I realized I loved my husband more than I loved my idealized view of what my life should be. And, who had decided that vision? I honestly didn’t remember ever personally waking up and going “golly gee, I want 2.5 kids and a completely normal 1950’s sorta style life!”. It was something just…expected…. of me. And of course, I still even now work on separating what I personally wanted and what others wanted for me. Those two worlds became so seamlessly garbled up together that it’ll take a long time working through it. I’m lucky that during this time, this trying and harsh time, was when I was also making my closest friend who really helped wade all of this.

I still remember the night I started the new dialogue.
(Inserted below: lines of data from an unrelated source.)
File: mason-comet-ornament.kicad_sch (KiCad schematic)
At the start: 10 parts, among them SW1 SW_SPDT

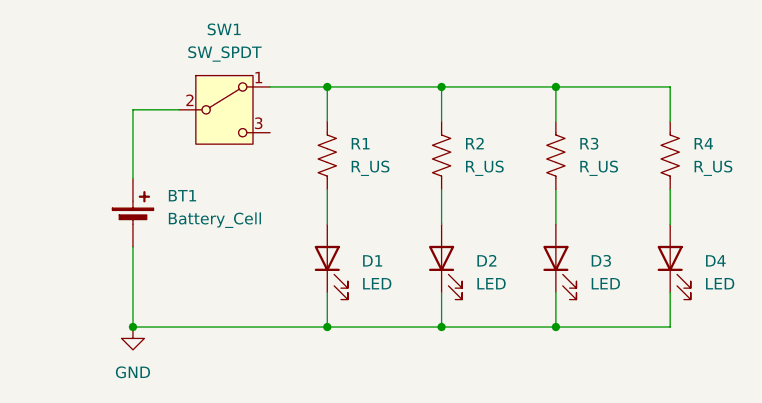
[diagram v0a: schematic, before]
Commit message: Added second power access
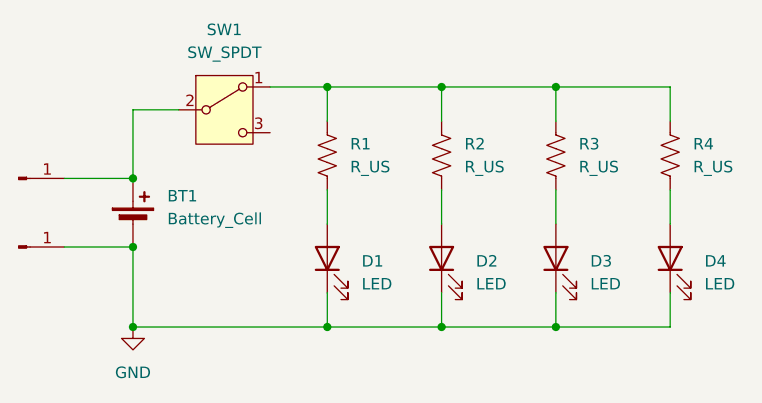
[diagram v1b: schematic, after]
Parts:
- added J1, J2: Conn_01x01_Pin, Connector_PinHeader_1.00mm:PinHeader_1x01_P1.00mm_Vertical, symbol Connector:Conn_01x01_Pin
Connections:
- net GND: now also J2.1 (Pin_1)
- net at BT1.1 (+), SW1.2 (B): now also J1.1 (Pin_1)
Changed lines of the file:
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@@
+	)
+	(junction
+		(at 100.33 90.17)
+		(diameter 0)
+		(color 0 0 0 0)
 	)
 	(junction
@@
 		(color 0 0 0 0)
 	)
+	(junction
+		(at 100.33 97.79)
+		(diameter 0)
+		(color 0 0 0 0)
+	)
 	(wire
 		(pts
@@
 	(wire
 		(pts
+			(xy 92.71 97.79) (xy 100.33 97.79)
+		)
+		(stroke
+			(width 0)
+			(type default)
+		)
+	)
+	(wire
+		(pts
 			(xy 160.02 91.44) (xy 160.02 95.25)
 		)
@@
 		(pts
 			(xy 147.32 80.01) (xy 147.32 83.82)
+		)
+		(stroke
+			(width 0)
+			(type default)
+		)
+	)
+	(wire
+		(pts
+			(xy 92.71 90.17) (xy 100.33 90.17)
 		)
 		(stroke
@@
 	)
 	(symbol
+		(lib_id "Connector:Conn_01x01_Pin")
+		(at 87.63 97.79 0)
+		(unit 1)
+		(exclude_from_sim no)
+		(in_bom yes)
+		(on_board yes)
+		(dnp no)
+		(property "Reference" "J2"
+			(at 88.265 92.71 0)
+			(effects
+				(font
+					(size 1.27 1.27)
+				)
+				(hide yes)
+			)
+		)
+		(property "Value" "Conn_01x01_Pin"
+			(at 88.265 95.25 0)
+			(effects
+				(font
+					(size 1.27 1.27)
+				)
+				(justify right)
+				(hide yes)
+			)
+		)
+		(property "Footprint" "Connector_PinHeader_1.00mm:PinHeader_1x01_P1.00mm_Vertical"
+			(at 87.63 97.79 0)
+			(effects
+				(font
+					(size 1.27 1.27)
+				)
+				(hide yes)
+			)
+		)
+		(property "Datasheet" "~"
+			(at 87.63 97.79 0)
+			(effects
+				(font
+					(size 1.27 1.27)
+				)
+				(hide yes)
+			)
+		)
+		(property "Description" "Generic connector, single row, 01x01, script generated"
+			(at 87.63 97.79 0)
+			(effects
+				(font
+					(size 1.27 1.27)
+				)
+				(hide yes)
+			)
+		)
+		(pin "1"
+		)
+		(instances
+			(project "mason-comet-ornament"
+				(path "/9b21cf96-74d8-488d-b0b6-cd1d725cacf6"
+					(reference "J2")
+					(unit 1)
+				)
+			)
+		)
+	)
+	(symbol
 		(lib_id "Device:Battery_Cell")
 		(at 100.33 95.25 0)
@@
 					(unit 1)
 				)
+			)
+		)
+	)
+	(symbol
+		(lib_id "Connector:Conn_01x01_Pin")
+		(at 87.63 90.17 0)
+		(unit 1)
+		(exclude_from_sim no)
+		(in_bom yes)
+		(on_board yes)
+		(dnp no)
+		(property "Reference" "J1"
+			(at 88.265 85.09 0)
+			(effects
+				(font
+					(size 1.27 1.27)
+				)
+				(hide yes)
+			)
+		)
+		(property "Value" "Conn_01x01_Pin"
+			(at 88.265 87.63 0)
+			(effects
+				(font
+					(size 1.27 1.27)
+				)
+				(justify right)
+				(hide yes)
+			)
+		)
+		(property "Footprint" "Connector_PinHeader_1.00mm:PinHeader_1x01_P1.00mm_Vertical"
+			(at 87.63 90.17 0)
+			(effects
+				(font
+					(size 1.27 1.27)
+				)
+				(hide yes)
+			)
+		)
+		(property "Datasheet" "~"
+			(at 87.63 90.17 0)
+			(effects
+				(font
+					(size 1.27 1.27)
+				)
+				(hide yes)
+			)
+		)
+		(property "Description" "Generic connector, single row, 01x01, script generated"
+			(at 87.63 90.17 0)
+			(effects
+				(font
+					(size 1.27 1.27)
+				)
+				(hide yes)
+			)
+		)
+		(pin "1"
+		)
+		(instances
+			(project ""
+				(path "/9b21cf96-74d8-488d-b0b6-cd1d725cacf6"
+					(reference "J1")
+					(unit 1)
+				)

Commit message: aliged with digikey parts/ordering
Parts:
- BT1: footprint Battery:BatteryHolder_MPD_BC2003_1x2032 -> Battery:BatteryHolder_Multicomp_BC-2001_1x2032
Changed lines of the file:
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@@
 			)
 		)
-		(property "Footprint" "Battery:BatteryHolder_MPD_BC2003_1x2032"
+		(property "Footprint" "Battery:BatteryHolder_Multicomp_BC-2001_1x2032"
 			(at 100.33 93.726 90)
 			(effects

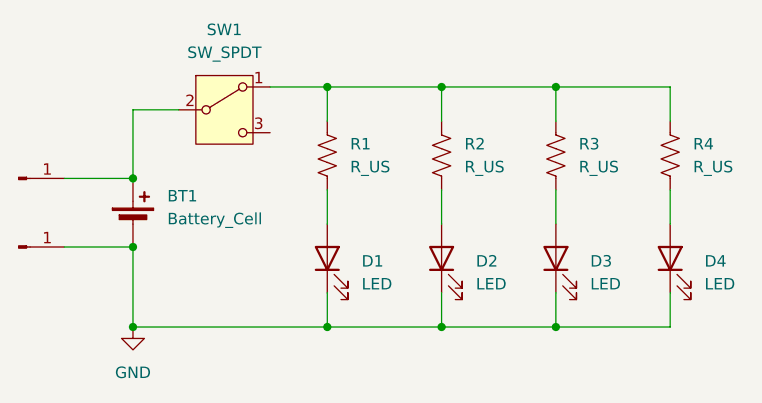
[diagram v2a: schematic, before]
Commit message: labeled vcc net
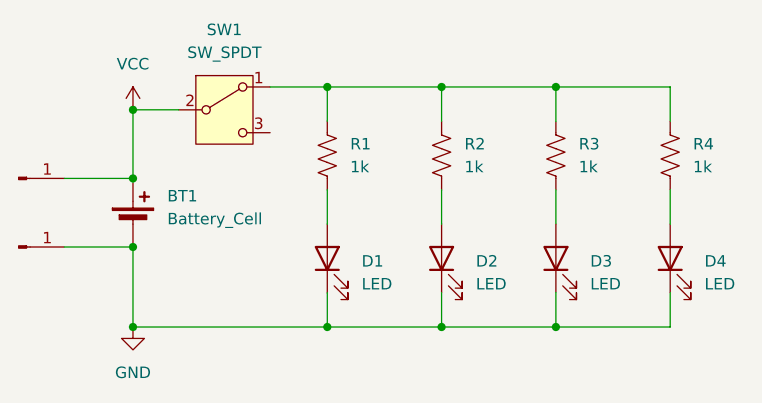
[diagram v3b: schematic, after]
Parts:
- R1, R2, R3, R4: value R_US -> 1k
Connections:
- net VCC: now reaches BT1.1 (+), J1.1 (Pin_1), SW1.2 (B)
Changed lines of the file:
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@@
+	)
+	(junction
+		(at 100.33 82.55)
+		(diameter 0)
+		(color 0 0 0 0)
 	)
 	(junction
@@
 			)
 		)
-		(property "Value" "R_US"
+		(property "Value" "1k"
 			(at 149.86 88.8999 0)
 			(effects
@@
 			)
 		)
-		(property "Value" "R_US"
+		(property "Value" "1k"
 			(at 162.56 88.8999 0)
 			(effects
@@
 			)
 		)
-		(property "Value" "R_US"
+		(property "Value" "1k"
 			(at 137.16 88.8999 0)
 			(effects
@@
 			)
 		)
-		(property "Value" "R_US"
+		(property "Value" "1k"
 			(at 124.46 88.8999 0)
 			(effects
@@
 					(unit 1)
 				)
+			)
+		)
+	)
+	(symbol
+		(lib_id "power:VCC")
+		(at 100.33 82.55 0)
+		(unit 1)
+		(exclude_from_sim no)
+		(in_bom yes)
+		(on_board yes)
+		(dnp no)
+		(fields_autoplaced yes)
+		(property "Reference" "#PWR02"
+			(at 100.33 86.36 0)
+			(effects
+				(font
+					(size 1.27 1.27)
+				)
+				(hide yes)
+			)
+		)
+		(property "Value" "VCC"
+			(at 100.33 77.47 0)
+			(effects
+				(font
+					(size 1.27 1.27)
+				)
+			)
+		)
+		(property "Footprint" ""
+			(at 100.33 82.55 0)
+			(effects
+				(font
+					(size 1.27 1.27)
+				)
+				(hide yes)
+			)
+		)
+		(property "Datasheet" ""
+			(at 100.33 82.55 0)
+			(effects
+				(font
+					(size 1.27 1.27)
+				)
+				(hide yes)
+			)
+		)
+		(property "Description" "Power symbol creates a global label with name \"VCC\""
+			(at 100.33 82.55 0)
+			(effects
+				(font
+					(size 1.27 1.27)
+				)
+				(hide yes)
+			)
+		)
+		(pin "1"
+		)
+		(instances
+			(project ""
+				(path "/9b21cf96-74d8-488d-b0b6-cd1d725cacf6"
+					(reference "#PWR02")
+					(unit 1)
+				)

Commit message: updated sheet notes
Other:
- company: (none) -> Mason City Schools
- title: (none) -> mason-comet-ornament
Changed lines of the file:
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@@
 	(generator "eeschema")
 	(generator_version "8.0")
-	(paper "A4")
+	(paper "USLetter")
+	(title_block
+		(title "mason-comet-ornament")
+		(date "2024-11-27")
+		(rev "1.0.0")
+		(company "Mason City Schools")
+		(comment 1 " ")
+		(comment 2 "- an example of PCB art, an exercise in vector design")
+		(comment 3 "- circuit schematics, for a basic circuit")
+		(comment 4 "A simple example to show several KiCad skills:")
+	)
 	(junction
 		(at 147.32 80.01)

When I told him we couldn’t keep going like this, that things had to change, and that I was willing to try in very very very slow steps introducing the idea of polyamory. (No, it wasn’t that graceful of a conversation. It was messy, flawed and beautifully, painfully human) It’s been a defining point of our relationship, of our lives, and so much had to happen to fully make me realize that neither of us were conventional people and that a conventional relationship isn’t necessarily for us.

In Greek mythology, Pandora’s box was the introduction of chaos and hardship. I won’t lie. Opening our own box, our emotions, has been a painful, painful process. And all these changes even now remain chaotic (though, I do not think of chaos as a negative or a positive, but simply an agent of change). But, like the box of myth, hope rests at the bottom of our chests and we share it with everyone that makes our lives a little bit better.